Begin with the first line of the listing and quote every line through the one containing "color=color, linetype=linetype, lineweight=lineweight)"; give only those lines.

....

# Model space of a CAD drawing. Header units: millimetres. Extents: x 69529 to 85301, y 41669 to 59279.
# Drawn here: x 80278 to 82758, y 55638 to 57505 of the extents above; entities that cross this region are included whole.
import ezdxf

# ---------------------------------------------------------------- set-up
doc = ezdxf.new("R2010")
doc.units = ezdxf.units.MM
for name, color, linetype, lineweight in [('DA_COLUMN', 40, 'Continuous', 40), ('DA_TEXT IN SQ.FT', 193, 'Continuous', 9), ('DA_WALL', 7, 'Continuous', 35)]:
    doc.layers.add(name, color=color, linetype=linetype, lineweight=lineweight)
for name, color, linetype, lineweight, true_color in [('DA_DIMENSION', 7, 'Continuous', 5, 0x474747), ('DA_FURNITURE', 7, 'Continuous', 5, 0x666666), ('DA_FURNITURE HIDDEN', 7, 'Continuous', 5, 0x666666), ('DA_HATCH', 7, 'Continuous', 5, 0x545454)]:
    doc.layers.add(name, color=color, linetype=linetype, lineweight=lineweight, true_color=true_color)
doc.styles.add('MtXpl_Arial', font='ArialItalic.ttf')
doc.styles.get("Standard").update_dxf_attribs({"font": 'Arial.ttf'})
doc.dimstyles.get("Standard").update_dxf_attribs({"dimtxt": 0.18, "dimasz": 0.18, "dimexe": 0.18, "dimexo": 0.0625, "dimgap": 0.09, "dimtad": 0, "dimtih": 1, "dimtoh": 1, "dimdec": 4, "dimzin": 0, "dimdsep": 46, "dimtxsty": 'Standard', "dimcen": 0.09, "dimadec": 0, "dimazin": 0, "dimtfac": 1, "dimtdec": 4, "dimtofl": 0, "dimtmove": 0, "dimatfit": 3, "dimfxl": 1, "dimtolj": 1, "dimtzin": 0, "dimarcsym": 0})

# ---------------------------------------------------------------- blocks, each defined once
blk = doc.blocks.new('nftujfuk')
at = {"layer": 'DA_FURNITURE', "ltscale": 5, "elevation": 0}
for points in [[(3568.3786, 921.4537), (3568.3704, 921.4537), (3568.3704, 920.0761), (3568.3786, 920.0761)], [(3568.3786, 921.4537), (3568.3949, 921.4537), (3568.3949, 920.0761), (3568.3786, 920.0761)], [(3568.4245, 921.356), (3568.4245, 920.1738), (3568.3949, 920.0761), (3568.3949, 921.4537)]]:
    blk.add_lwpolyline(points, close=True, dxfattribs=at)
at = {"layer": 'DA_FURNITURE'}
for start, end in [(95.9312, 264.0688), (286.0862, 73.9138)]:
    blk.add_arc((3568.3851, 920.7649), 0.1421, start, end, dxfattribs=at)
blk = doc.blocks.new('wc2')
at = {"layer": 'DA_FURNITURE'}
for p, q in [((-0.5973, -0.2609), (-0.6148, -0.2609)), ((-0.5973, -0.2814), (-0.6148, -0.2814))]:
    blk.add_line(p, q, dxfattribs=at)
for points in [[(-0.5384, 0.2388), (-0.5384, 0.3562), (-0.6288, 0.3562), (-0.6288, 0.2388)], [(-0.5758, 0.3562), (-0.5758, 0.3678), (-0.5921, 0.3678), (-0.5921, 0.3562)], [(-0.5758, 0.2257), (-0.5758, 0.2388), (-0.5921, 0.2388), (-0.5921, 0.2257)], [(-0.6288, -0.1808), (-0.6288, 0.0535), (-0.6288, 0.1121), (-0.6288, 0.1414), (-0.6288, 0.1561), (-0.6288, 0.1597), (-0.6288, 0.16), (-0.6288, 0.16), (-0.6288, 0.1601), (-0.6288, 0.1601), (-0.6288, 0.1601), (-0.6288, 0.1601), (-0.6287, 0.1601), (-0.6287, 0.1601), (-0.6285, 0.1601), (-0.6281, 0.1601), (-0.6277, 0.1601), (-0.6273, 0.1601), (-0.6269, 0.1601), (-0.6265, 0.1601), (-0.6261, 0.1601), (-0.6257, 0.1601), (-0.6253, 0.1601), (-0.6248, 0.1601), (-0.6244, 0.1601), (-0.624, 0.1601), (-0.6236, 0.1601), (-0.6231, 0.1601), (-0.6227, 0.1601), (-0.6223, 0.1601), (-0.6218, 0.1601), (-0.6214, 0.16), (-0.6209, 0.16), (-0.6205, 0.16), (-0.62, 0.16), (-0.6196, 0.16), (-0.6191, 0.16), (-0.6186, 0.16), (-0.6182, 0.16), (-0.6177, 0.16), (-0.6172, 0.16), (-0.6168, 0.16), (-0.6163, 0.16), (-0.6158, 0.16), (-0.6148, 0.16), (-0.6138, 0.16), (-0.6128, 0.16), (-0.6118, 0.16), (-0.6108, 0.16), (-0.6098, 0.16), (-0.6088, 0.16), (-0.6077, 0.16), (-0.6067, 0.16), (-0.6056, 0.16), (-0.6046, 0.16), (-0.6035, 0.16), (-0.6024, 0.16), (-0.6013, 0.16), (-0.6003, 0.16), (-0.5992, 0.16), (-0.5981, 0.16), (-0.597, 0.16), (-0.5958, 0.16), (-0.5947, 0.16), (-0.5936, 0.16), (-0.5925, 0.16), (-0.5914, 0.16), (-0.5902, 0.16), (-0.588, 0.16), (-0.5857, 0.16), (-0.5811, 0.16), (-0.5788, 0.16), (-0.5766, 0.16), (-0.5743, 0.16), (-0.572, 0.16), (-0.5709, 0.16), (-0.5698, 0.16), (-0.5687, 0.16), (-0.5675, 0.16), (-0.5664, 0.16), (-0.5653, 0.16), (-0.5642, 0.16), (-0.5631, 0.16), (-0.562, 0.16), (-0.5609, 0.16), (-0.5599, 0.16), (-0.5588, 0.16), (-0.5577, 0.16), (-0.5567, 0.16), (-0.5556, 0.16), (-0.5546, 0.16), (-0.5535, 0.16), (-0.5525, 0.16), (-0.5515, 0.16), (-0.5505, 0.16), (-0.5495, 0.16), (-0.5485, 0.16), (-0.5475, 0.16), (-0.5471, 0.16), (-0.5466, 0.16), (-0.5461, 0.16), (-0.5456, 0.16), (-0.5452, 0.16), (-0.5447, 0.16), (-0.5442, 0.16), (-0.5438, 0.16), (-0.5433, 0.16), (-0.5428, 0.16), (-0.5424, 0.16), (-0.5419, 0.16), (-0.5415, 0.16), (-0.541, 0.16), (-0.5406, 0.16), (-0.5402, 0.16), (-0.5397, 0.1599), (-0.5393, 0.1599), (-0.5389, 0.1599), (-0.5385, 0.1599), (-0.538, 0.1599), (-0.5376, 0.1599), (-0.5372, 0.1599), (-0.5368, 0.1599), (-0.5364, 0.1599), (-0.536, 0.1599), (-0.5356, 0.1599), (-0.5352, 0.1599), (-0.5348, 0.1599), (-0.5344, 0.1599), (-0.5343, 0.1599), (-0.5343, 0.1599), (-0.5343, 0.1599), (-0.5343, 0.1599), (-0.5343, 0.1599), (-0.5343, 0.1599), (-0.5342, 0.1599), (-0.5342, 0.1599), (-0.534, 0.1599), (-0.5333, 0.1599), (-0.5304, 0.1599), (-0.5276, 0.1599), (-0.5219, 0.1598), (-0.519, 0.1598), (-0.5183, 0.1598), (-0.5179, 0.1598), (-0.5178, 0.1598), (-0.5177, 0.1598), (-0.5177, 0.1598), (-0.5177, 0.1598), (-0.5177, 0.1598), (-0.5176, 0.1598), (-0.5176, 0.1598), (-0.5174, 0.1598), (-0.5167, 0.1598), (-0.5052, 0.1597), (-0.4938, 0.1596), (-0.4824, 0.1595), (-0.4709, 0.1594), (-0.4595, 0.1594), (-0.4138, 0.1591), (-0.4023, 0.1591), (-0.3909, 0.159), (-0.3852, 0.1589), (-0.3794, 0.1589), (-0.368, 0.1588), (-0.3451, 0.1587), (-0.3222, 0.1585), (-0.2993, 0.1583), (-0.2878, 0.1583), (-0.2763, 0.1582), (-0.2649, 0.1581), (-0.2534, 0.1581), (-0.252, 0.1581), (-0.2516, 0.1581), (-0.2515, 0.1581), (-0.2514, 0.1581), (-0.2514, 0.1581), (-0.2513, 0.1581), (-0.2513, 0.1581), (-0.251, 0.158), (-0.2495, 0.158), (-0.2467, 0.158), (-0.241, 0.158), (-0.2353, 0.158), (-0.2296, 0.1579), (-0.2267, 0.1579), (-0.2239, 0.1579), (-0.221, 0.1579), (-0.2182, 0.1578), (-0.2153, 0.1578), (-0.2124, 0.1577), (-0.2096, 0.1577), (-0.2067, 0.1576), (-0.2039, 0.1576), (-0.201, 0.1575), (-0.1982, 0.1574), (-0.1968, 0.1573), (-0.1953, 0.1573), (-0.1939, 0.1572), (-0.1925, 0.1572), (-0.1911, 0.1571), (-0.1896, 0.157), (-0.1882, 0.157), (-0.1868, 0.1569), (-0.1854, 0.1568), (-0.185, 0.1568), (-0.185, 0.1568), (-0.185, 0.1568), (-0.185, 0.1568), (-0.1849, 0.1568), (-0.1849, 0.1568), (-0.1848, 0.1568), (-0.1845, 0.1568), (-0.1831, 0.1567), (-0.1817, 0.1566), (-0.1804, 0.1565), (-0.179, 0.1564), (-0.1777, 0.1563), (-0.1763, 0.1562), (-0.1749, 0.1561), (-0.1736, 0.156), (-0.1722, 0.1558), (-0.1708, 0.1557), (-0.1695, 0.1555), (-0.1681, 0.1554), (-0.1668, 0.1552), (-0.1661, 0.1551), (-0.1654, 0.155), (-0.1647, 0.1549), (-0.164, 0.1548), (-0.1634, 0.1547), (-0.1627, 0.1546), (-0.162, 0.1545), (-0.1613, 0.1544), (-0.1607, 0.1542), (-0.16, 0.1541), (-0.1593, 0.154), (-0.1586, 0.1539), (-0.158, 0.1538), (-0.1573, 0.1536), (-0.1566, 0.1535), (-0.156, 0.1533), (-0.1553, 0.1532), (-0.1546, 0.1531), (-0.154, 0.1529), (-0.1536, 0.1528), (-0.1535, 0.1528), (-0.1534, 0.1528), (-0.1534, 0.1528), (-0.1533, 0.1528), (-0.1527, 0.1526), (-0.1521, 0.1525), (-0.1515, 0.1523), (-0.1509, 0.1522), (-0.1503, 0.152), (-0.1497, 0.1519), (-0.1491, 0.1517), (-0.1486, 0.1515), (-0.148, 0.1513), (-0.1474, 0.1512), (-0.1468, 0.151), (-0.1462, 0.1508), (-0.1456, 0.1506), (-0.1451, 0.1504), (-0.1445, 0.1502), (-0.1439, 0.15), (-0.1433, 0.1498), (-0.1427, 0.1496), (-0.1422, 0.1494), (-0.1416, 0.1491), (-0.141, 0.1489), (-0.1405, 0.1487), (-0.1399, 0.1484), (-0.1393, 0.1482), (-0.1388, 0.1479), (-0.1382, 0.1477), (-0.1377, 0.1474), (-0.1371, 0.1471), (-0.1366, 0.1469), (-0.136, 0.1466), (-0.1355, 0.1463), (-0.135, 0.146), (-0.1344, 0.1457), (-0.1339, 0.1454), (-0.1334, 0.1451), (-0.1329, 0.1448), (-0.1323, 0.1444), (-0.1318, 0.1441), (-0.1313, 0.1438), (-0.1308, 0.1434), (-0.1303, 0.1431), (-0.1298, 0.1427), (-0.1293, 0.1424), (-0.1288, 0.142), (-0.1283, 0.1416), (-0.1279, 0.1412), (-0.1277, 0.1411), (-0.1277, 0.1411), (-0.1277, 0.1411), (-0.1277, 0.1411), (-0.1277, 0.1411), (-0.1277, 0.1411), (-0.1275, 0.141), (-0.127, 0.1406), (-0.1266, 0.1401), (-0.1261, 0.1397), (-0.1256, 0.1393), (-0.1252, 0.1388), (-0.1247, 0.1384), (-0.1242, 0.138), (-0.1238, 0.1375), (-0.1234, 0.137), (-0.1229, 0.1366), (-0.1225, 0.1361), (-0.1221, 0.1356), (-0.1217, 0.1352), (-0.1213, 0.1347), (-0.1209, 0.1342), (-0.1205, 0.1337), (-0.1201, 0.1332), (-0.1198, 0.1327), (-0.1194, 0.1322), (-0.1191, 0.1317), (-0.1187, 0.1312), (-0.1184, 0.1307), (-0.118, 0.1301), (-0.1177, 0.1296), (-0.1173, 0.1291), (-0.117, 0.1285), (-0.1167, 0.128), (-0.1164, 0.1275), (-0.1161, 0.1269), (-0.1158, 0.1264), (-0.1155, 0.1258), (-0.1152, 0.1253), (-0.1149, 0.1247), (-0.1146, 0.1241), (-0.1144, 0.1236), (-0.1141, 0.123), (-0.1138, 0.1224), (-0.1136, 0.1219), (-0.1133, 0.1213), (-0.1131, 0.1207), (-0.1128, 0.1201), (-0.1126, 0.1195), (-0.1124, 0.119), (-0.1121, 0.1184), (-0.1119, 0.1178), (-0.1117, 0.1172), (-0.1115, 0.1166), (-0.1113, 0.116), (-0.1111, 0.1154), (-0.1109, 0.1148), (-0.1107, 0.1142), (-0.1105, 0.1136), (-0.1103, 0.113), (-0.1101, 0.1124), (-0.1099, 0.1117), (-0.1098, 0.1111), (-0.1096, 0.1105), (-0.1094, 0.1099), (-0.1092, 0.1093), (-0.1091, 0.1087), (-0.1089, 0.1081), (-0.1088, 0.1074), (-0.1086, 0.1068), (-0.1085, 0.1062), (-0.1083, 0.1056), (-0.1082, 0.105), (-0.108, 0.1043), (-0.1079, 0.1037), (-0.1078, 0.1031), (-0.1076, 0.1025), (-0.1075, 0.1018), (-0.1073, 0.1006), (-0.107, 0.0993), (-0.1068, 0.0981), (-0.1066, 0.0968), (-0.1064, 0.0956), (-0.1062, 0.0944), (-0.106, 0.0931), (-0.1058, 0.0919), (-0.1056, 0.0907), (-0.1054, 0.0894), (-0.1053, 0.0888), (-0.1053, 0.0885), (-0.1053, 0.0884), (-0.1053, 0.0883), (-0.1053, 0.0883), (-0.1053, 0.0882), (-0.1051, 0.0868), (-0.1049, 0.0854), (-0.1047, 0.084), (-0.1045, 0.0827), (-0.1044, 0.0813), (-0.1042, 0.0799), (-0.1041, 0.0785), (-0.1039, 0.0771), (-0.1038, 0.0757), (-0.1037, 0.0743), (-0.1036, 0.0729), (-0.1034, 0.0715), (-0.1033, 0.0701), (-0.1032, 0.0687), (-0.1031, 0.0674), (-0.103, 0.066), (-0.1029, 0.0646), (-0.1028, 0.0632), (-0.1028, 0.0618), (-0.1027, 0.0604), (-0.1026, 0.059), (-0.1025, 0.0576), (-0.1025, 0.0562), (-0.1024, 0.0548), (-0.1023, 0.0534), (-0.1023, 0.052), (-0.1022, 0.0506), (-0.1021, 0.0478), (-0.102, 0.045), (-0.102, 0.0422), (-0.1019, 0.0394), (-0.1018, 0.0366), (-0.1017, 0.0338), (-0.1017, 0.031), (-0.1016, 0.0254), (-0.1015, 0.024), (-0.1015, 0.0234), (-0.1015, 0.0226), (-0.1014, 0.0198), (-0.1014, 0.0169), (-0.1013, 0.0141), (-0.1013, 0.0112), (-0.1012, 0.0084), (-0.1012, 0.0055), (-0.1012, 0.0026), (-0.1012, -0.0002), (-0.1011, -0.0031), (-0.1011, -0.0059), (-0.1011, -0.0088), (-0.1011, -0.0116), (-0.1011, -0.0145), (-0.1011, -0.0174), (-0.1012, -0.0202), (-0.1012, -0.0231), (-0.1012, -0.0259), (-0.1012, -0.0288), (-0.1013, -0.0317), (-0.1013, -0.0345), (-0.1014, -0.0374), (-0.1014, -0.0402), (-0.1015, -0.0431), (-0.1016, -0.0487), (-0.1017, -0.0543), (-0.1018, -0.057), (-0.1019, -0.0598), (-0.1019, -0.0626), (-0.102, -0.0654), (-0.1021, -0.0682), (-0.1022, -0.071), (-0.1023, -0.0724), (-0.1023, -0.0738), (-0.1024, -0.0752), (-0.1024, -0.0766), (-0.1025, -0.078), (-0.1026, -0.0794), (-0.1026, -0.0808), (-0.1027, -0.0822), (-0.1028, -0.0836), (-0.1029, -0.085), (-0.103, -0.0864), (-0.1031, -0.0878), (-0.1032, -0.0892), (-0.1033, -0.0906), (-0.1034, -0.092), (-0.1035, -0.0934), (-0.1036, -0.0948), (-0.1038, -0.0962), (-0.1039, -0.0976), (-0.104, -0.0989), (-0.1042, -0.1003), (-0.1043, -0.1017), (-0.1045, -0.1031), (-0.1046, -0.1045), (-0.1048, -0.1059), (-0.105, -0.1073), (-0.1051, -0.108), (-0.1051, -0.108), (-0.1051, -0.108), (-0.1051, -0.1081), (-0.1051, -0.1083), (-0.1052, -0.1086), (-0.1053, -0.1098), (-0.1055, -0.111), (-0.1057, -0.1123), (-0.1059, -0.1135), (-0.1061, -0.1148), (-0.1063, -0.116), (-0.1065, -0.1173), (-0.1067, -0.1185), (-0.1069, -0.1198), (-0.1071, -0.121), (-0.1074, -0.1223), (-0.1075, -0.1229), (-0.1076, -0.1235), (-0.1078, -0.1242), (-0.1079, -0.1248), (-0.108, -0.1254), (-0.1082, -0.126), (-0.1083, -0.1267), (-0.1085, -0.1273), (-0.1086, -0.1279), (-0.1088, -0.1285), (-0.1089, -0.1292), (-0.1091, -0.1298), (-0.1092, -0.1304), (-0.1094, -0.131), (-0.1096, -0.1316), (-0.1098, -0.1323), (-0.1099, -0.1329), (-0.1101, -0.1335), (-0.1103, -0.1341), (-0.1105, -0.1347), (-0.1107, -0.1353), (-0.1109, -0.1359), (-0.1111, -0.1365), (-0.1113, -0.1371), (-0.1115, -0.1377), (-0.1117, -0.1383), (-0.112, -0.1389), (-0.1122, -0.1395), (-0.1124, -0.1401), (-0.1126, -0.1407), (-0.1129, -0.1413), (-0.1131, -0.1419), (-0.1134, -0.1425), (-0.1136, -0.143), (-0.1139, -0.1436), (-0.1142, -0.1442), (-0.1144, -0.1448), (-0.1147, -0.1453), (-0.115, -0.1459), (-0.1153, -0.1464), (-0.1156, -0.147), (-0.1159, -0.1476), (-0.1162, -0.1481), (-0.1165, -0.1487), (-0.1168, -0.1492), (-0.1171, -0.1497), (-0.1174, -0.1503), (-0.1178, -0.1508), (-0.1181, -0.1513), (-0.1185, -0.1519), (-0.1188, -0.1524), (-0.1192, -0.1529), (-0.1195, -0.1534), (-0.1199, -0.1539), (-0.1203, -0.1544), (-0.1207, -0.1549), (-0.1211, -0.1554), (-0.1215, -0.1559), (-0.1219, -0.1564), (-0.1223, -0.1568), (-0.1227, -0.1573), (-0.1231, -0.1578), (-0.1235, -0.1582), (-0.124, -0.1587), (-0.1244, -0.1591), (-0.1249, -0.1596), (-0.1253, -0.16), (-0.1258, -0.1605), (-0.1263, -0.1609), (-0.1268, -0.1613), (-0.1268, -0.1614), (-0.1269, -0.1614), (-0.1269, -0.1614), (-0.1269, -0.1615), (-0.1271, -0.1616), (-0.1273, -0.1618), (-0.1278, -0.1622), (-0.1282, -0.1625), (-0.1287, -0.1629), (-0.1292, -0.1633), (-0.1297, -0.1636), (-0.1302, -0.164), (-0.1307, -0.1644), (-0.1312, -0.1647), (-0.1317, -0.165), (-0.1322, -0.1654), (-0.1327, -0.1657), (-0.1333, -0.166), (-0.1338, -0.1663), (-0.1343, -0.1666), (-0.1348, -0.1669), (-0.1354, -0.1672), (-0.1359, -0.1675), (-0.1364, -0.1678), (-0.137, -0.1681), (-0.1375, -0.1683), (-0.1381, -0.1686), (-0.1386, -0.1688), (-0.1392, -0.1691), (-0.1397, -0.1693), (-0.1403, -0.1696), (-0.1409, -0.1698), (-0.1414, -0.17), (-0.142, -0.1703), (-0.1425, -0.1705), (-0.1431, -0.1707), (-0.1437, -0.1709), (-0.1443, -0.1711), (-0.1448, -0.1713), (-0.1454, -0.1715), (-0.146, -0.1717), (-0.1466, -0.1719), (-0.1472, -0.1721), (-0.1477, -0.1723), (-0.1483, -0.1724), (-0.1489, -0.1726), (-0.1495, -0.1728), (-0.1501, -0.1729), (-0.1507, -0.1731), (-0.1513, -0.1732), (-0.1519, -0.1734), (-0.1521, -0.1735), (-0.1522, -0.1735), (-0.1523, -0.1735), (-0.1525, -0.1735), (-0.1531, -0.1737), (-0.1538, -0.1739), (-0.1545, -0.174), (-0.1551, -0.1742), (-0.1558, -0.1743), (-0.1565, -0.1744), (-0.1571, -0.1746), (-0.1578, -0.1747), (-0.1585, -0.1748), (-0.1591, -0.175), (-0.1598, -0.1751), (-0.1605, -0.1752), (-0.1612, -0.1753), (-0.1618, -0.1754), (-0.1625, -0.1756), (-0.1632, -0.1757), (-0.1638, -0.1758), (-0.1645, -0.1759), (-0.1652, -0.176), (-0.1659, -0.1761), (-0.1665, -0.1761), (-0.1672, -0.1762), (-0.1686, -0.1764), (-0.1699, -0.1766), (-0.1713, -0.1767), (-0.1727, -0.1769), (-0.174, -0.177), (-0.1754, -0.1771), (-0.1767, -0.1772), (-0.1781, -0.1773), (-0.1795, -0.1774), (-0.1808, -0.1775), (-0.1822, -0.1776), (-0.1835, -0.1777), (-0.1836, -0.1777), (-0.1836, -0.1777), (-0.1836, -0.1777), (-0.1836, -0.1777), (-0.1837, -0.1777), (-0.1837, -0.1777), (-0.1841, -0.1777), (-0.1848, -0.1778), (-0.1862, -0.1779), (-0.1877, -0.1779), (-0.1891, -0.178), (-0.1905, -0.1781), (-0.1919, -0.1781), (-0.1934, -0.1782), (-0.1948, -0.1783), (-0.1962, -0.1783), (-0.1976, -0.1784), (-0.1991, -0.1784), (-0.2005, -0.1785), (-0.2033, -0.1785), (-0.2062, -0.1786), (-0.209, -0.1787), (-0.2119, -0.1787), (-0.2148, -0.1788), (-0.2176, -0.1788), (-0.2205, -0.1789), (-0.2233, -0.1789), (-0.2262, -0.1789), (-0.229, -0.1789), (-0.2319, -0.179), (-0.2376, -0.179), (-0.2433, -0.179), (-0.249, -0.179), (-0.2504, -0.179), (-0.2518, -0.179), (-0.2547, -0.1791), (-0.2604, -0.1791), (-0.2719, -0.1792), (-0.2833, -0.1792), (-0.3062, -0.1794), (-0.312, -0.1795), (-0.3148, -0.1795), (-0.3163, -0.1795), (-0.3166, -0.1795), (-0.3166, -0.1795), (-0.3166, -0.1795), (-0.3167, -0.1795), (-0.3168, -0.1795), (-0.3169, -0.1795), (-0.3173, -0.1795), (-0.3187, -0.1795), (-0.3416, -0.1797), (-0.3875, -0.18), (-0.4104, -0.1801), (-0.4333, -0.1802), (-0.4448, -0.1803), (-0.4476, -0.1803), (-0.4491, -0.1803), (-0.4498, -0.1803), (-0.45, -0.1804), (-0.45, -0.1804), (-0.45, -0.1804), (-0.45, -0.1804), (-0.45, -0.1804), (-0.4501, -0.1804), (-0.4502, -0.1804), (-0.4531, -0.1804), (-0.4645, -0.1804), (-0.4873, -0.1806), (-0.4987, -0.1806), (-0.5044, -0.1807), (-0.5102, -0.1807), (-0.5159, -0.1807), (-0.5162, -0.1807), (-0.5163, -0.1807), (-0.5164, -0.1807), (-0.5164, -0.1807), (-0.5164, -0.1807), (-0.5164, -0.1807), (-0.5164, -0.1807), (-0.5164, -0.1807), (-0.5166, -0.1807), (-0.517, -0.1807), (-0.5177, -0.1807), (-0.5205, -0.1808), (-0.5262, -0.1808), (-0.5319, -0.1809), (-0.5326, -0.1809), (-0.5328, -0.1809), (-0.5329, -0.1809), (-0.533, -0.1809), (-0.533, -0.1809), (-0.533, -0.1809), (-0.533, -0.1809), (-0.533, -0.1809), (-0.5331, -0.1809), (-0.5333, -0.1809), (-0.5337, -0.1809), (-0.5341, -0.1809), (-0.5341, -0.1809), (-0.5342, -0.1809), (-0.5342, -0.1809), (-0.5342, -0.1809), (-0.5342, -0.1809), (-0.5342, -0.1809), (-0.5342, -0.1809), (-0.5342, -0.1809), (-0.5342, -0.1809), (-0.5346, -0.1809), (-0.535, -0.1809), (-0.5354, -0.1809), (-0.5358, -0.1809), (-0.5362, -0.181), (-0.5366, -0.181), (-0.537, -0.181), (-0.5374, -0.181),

....

**REPLY TO THE TASK:**
# Model space of a CAD drawing. Header units: millimetres. Extents: x 69529 to 85301, y 41669 to 59279.
# Drawn here: x 80278 to 82758, y 55638 to 57505 of the extents above; entities that cross this region are included whole.
import ezdxf

# ---------------------------------------------------------------- set-up
doc = ezdxf.new("R2010")
doc.units = ezdxf.units.MM
for name, color, linetype, lineweight in [('DA_COLUMN', 40, 'Continuous', 40), ('DA_TEXT IN SQ.FT', 193, 'Continuous', 9), ('DA_WALL', 7, 'Continuous', 35)]:
    doc.layers.add(name, color=color, linetype=linetype, lineweight=lineweight)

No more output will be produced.